# Horse Creek Hunt



## ChrisSpikes (Oct 2, 2009)

I just got off the phone with RC(he's having computer problems).  The date for the hunt this year is Oct. 24th.  He said for y'all to bring your stands instead of your walking shoes, because the pigs are not there like they have been in the past.  From what I saw over there Wednesday, the pigs are downright poor.  The river is flooded right now, but hopefully it will be back in the banks before the hunt rolls around, and we'll have all that purty swamp to hunt.


----------



## turtlebug (Oct 2, 2009)

Can't wait.  

The kids are actually gonna "try this whole hunting thing out" with us that weekend.  EvilRubberDucky (Harley) wants to get really good with his Hatchet Dan bow and try his hand at taking a deer or hog.   

Abbey just wants to watch.


----------



## BGBH (Oct 2, 2009)

Boy, I wish I lived closer to yall,sounds like alot of fun.....me & Doug is gonna make it down there one day to meet all of ya...

Mark


----------



## ky_longbow (Oct 2, 2009)

well just checked my work schedule and guess what........yep im on shift that weekend............final 4 days befor my 8 days off................  ...............someday !!!!!


----------



## SOS (Oct 2, 2009)

I hope to sneak down there.


----------



## Cavalry Scout (Oct 2, 2009)

Going to Sapelo that weekend.  Hope ya'll stack em up!


----------



## LanceColeman (Oct 2, 2009)

Pigs?? Pigs!!?? I can go anytime in small game season and shoot pigs on horse creek. I'm going to find out what ever it is thats been tearing the bark off them trees down there with it's horns!


----------



## schleylures (Oct 2, 2009)

I want to come and choctawlb is off I want to hog hunt and do not care about a derr


----------



## bam_bam (Oct 3, 2009)

Me and my better half will be there, going monday for some scouting.


----------



## Apex Predator (Oct 3, 2009)

I'll be on Cumberland 25-28 Oct.  I hate to miss this one.


----------



## Allen Oliver (Oct 5, 2009)

*Updates*

Any more updates on the river since you went over on Wednesday Chris?? If the guys on the Glass Property are putting out the peanut butter again they are pulling the hogs off the WMA. They do that alot. That always made them come across our club. I will contact some of the guys on the old club and see what they are seeing as far as the hogs go.


----------



## bam_bam (Oct 5, 2009)

Didnt make it due to rain today. Dangit


----------



## Allen Oliver (Oct 5, 2009)

*Deer*

For everyone that is going after the deer on this hunt bring your rattling horns. This is the week that I always had the best response. Last year I rattled in 16 diffrent bucks on adjoining property. 6 bucks one morning. They ranged from spikes to a decent 8 point. Trophy rules saved a few of those deer from taken a ride in the truck. They better watch out this year since I do not belong to that club anymore.


----------



## TNGIRL (Oct 5, 2009)

I've made plans for this hunt as well. Should be there early on Friday to set up camp. Didn't know deer hunting was also an option....will bring both bows and arras.


----------



## bam_bam (Oct 5, 2009)

TNGIRL said:


> I've made plans for this hunt as well. Should be there early on Friday to set up camp. Didn't know deer hunting was also an option....will bring both bows and arras.

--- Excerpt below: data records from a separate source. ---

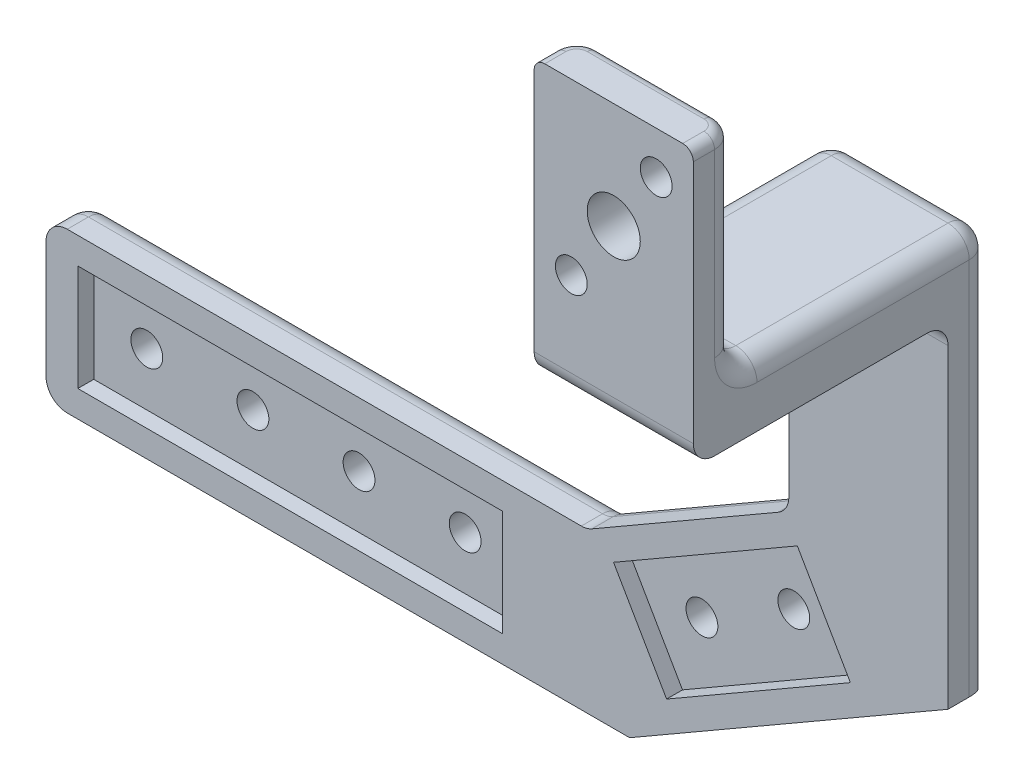
from build123d import *

# Parameters (mm, degrees)
SKETCH_1_W          = 15
SKETCH_1_H          = 26
SKETCH_1_R          = 2.5
SKETCH_1_R_2        = 1.5
EXTRUDE_1_DEPTH     = 4
SKETCH_3_W          = 15
SKETCH_3_H          = 6
EXTRUDE_2_DEPTH     = 20
EXTRUDE_3_DEPTH     = 4
SKETCH_9_W          = 40
SKETCH_9_H          = 10
CUT_EXTRUDE_1_DEPTH = 1.5
SKETCH_10_R         = 1.5
CUT_EXTRUDE_2_DEPTH = 4
CUT_EXTRUDE_3_DEPTH = 1.5
SKETCH_12_R         = 1.5
CUT_EXTRUDE_4_DEPTH = 10
FILLET_1_R          = 2
FILLET_2_R          = 2
FILLET_3_R          = 1


with BuildPart() as part:
    # 草图1 → 凸台-拉伸1 (new body)
    with BuildSketch(Plane.XY):
        with Locations((0, -3)):
            Rectangle(SKETCH_1_W, SKETCH_1_H)
        Circle(SKETCH_1_R, mode=Mode.SUBTRACT)
        with Locations((4, 6)):
            Circle(SKETCH_1_R_2, mode=Mode.SUBTRACT)
        with Locations((-4, -6)):
            Circle(SKETCH_1_R_2, mode=Mode.SUBTRACT)
    extrude(amount=EXTRUDE_1_DEPTH)

    # 草图3 → 凸台-拉伸2 (add)
    with BuildSketch(Plane(origin=(0, 0, 0), x_dir=(-1, 0, 0), z_dir=(0, 0, -1))):
        with Locations((0, -13)):
            Rectangle(SKETCH_3_W, SKETCH_3_H)
    extrude(amount=EXTRUDE_2_DEPTH)

    # 草图8 → 凸台-拉伸3 (add)
    with BuildSketch(Plane(origin=(0, 0, -20), x_dir=(-1, 0, 0), z_dir=(0, 0, -1))):
        Polygon((-7.5, -16), (-7.5, -47.679491924), (22.5, -65), (77.5, -65), (77.5, -50), (26.519237886, -50), (7.5, -39.019237886), (7.5, -16), (7.5, -10), (-7.5, -10), align=None)
    extrude(amount=EXTRUDE_3_DEPTH)

    # 草图9 → 切除-拉伸1 (cut)
    with BuildSketch(Plane.XY.offset(-20)):
        with Locations((-54.5, -57.5)):
            Rectangle(SKETCH_9_W, SKETCH_9_H)
    extrude(amount=-CUT_EXTRUDE_1_DEPTH, mode=Mode.SUBTRACT)

    # 草图10 → 切除-拉伸2 (cut)
    with BuildSketch(Plane.XY.offset(-21.5)):
        with Locations((-69.5, -57.5)):
            Circle(SKETCH_10_R)
        with Locations((-59.5, -57.5)):
            Circle(SKETCH_10_R)
        with Locations((-49.5, -57.5)):
            Circle(SKETCH_10_R)
        with Locations((-39.5, -57.5)):
            Circle(SKETCH_10_R)
    extrude(amount=-CUT_EXTRUDE_2_DEPTH, mode=Mode.SUBTRACT)

    # 草图11 → 切除-拉伸3 (cut)
    with BuildSketch(Plane.XY.offset(-20)):
        Polygon((-6.698729811, -41.443375673), (-24.019237886, -51.443375673), (-19.019237886, -60.103629711), (-1.698729811, -50.103629711), align=None)
    extrude(amount=-CUT_EXTRUDE_3_DEPTH, mode=Mode.SUBTRACT)

    # 草图12 → 切除-拉伸4 (cut)
    with BuildSketch(Plane.XY.offset(-21.5)):
        with Locations((-17.189110868, -53.273502692)):
            Circle(SKETCH_12_R)
        with Locations((-8.52885683, -48.273502692)):
            Circle(SKETCH_12_R)
    extrude(amount=-CUT_EXTRUDE_4_DEPTH, mode=Mode.SUBTRACT)

    # 圆角1
    fillet_1_edges = [part.edges().sort_by_distance(p)[0] for p in [
        (7.5, 0, 0),
        (7.5, -10, -12),
        (0, -10, 0),
        (-7.5, -10, -12),
        (0, -16, -20),
        (-77.5, -65, -22),
        (-77.5, -50, -22),
        (-26.519237886, -50, -22),
        (-7.5, -39.019237886, -22),
        (0, -10, -24),
        (7.5, -28.839745962, -24),
        (-50, -65, -24),
        (-77.5, -57.5, -24),
        (-52.009618943, -50, -24),
        (-17.009618943, -44.509618943, -24),
        (-7.5, -24.509618943, -24),
        (-7.5, 0, 0),
    ]]
    fillet(fillet_1_edges, radius=FILLET_1_R - 0.0001)  # a hair under: the kernel refuses the full size

    # 圆角2
    fillet_2_edges = [part.edges().sort_by_distance(p)[0] for p in [
        (0, -16, 4),
    ]]
    fillet(fillet_2_edges, radius=FILLET_2_R)

    # 圆角3
    fillet_3_edges = [part.edges().sort_by_distance(p)[0] for p in [
        (0, 10, 0),
        (-6.914242852, 10, 0.585757148),
        (6.914242852, 10, 0.585757148),
        (-7.5, 10, 2.99995),
        (7.5, 10, 2.99995),
    ]]
    fillet(fillet_3_edges, radius=FILLET_3_R)


solid = part.part
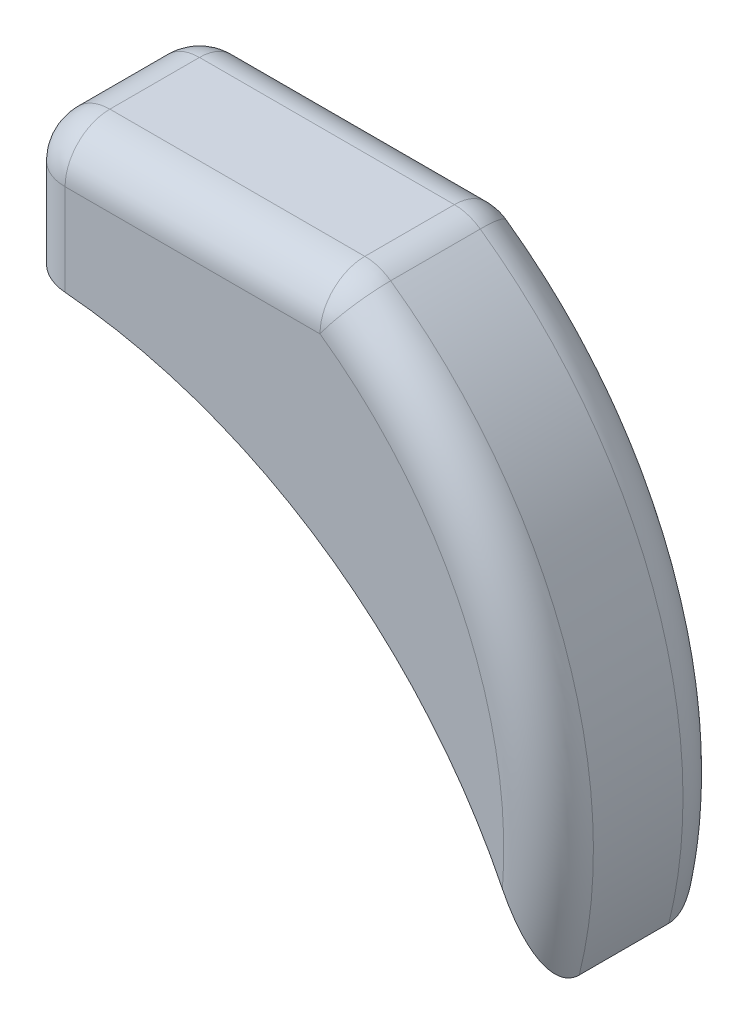
from build123d import *

# Parameters (mm, degrees)
BOSS_EXTRU_1_DEPTH = 20
CONG_2_R           = 10


with BuildPart() as part:
    # Esquisse1 → Boss.-Extru.1 (new, symmetric)
    with BuildSketch(Plane.XY):
        with BuildLine():
            Line((35, 15), (-35, 15))
            Line((-35, 15), (-35, -15))
            ThreePointArc((-35, -15), (36.414284285, -38.56349239), (79.782402832, -100))
            ThreePointArc((79.782402832, -100), (75.641274878, -35.393198769), (35, 15))
        make_face()
    extrude(amount=BOSS_EXTRU_1_DEPTH, both=True)

    # Congé2
    cong_2_edges = [part.edges().sort_by_distance(p)[0] for p in [
        (35, 15, 0),
        (75.641274878, -35.393198769, -20),
        (75.641274878, -35.393198769, 20),
        (0, 15, 20),
        (0, 15, -20),
        (-35, 0, 20),
        (-35, 0, -20),
        (-35, 15, 0),
    ]]
    fillet(cong_2_edges, radius=CONG_2_R)


solid = part.part
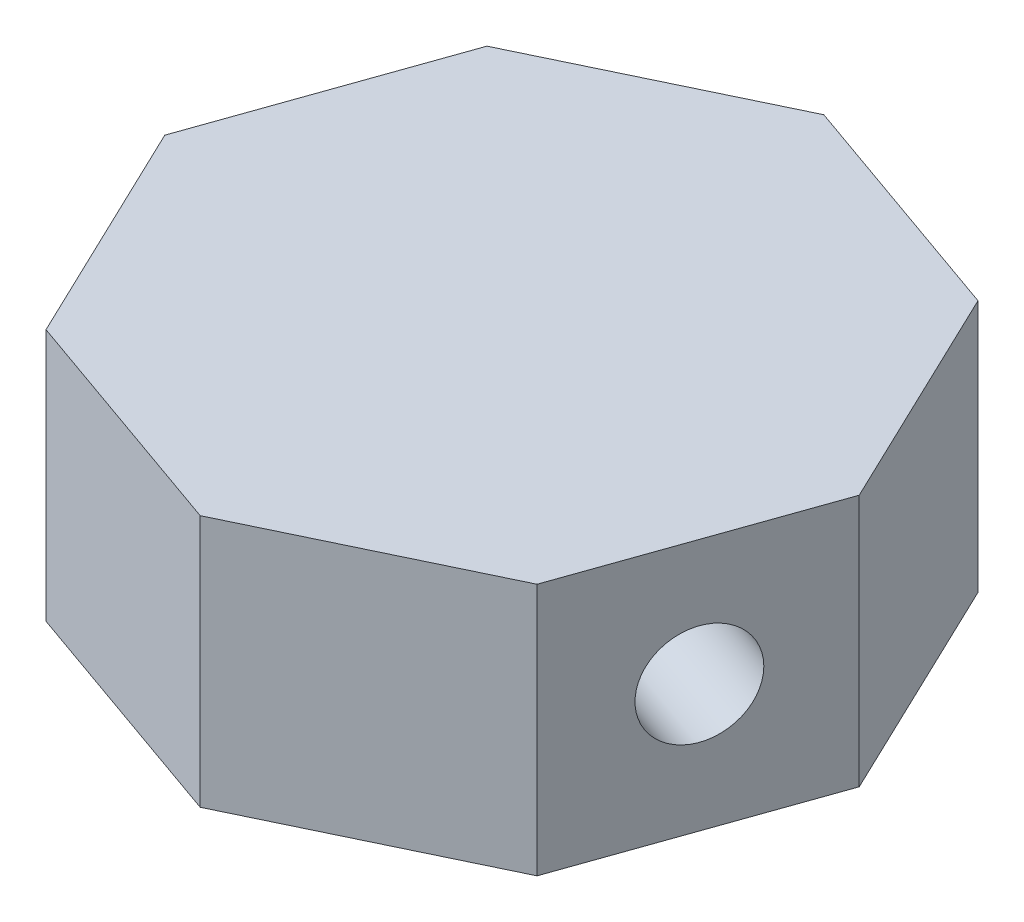
from build123d import *

# Parameters (mm, degrees)
BOSS_EXTRUDE1_DEPTH = 12.7
SKETCH2_R           = 2.54
CUT_EXTRUDE1_DEPTH  = 12.7
SKETCH3_R           = 3.175
CUT_EXTRUDE2_DEPTH  = 2.54


with BuildPart() as part:
    # Sketch1 → Boss-Extrude1 (new body)
    with BuildSketch(Plane(origin=(0, 0, 0), x_dir=(1, 0, 0), z_dir=(0, 1, 0))):
        Polygon((0.613239188, 0.098062109), (4.836414625, 12.07532345), (-0.6465521, 23.530762153), (-12.623813441, 27.75393759), (-24.079252145, 22.270970865), (-28.302427581, 10.293709523), (-22.819460856, -1.16172918), (-10.842199515, -5.384904617), align=None)
    extrude(amount=BOSS_EXTRUDE1_DEPTH)

    # Sketch2 → Cut-Extrude1 (cut)
    with BuildSketch(Plane(origin=(0.514674893, 0, 0.18147407), x_dir=(0.33253349893190465, 0, -0.9430914441813716), z_dir=(0.9430914441813716, 0, 0.33253349893190465))):
        with Locations((6.696420315, 6.400016207)):
            Circle(SKETCH2_R)
    extrude(amount=-CUT_EXTRUDE1_DEPTH, mode=Mode.SUBTRACT)

    # Sketch3 → Cut-Extrude2 (cut)
    with BuildSketch(Plane.XZ):
        with Locations((-11.782275887, -11.160934454)):
            Circle(SKETCH3_R)
    extrude(amount=-CUT_EXTRUDE2_DEPTH, mode=Mode.SUBTRACT)


solid = part.part

GREAT!!! I will tell melissa she will be excited. We will be there early friday also.


----------



## fountain (Oct 5, 2009)

the oconee is still really high here.  not sure bout on h.c., but i am sure it is still high too


----------



## turtlebug (Oct 5, 2009)

fountain said:


> the oconee is still really high here.  not sure bout on h.c., but i am sure it is still high too



So find a pump and get to work.  You only got three weeks.


----------



## ChrisSpikes (Oct 8, 2009)

River is falling.  Down over 2 feet since Monday and dropping hard.


----------



## dm/wolfskin (Oct 8, 2009)

Chris, are the gates open or do we need a bike. I won't go down till the 28th. Have a furlough day on the 30th so that's my plan. Mike


----------



## hogdgz (Oct 8, 2009)

Hopefully I can make it, my empolyer is really trying to milk me and get all of the free labor out of me that they can since I am on salary.


----------



## robert carter (Oct 8, 2009)

Gates are open Mike. The river is dropping but still way out of the banks.Pig sign is scarce. I walked a lot and only found a few fresh rootings since the rain. Lots of deer sign .I would suggest waders and TWO thermacels.RC


----------



## Jeff Kitchens (Oct 9, 2009)

Hate it that I will not make this one.  Plan to be at Blackbeard that weekend.


----------



## timetohunt (Oct 9, 2009)

I would like to join ya'll this year and try out my Trad gear, just a newbie but you got to start somewhere.


----------



## dutchman (Oct 9, 2009)

I plan to get in there on Friday, 10/23 and stay until the following Monday, maybe a little longer.


----------



## bam_bam (Oct 9, 2009)

I will be there friday morning, about 9 ish


----------



## robert carter (Oct 9, 2009)

Anybody want to start bidding on this spot...


----------



## bam_bam (Oct 9, 2009)

Whats the starting bid??? LOL

I got a spot where one is over there too but it is prolly flooded out right now b/c of the high river. 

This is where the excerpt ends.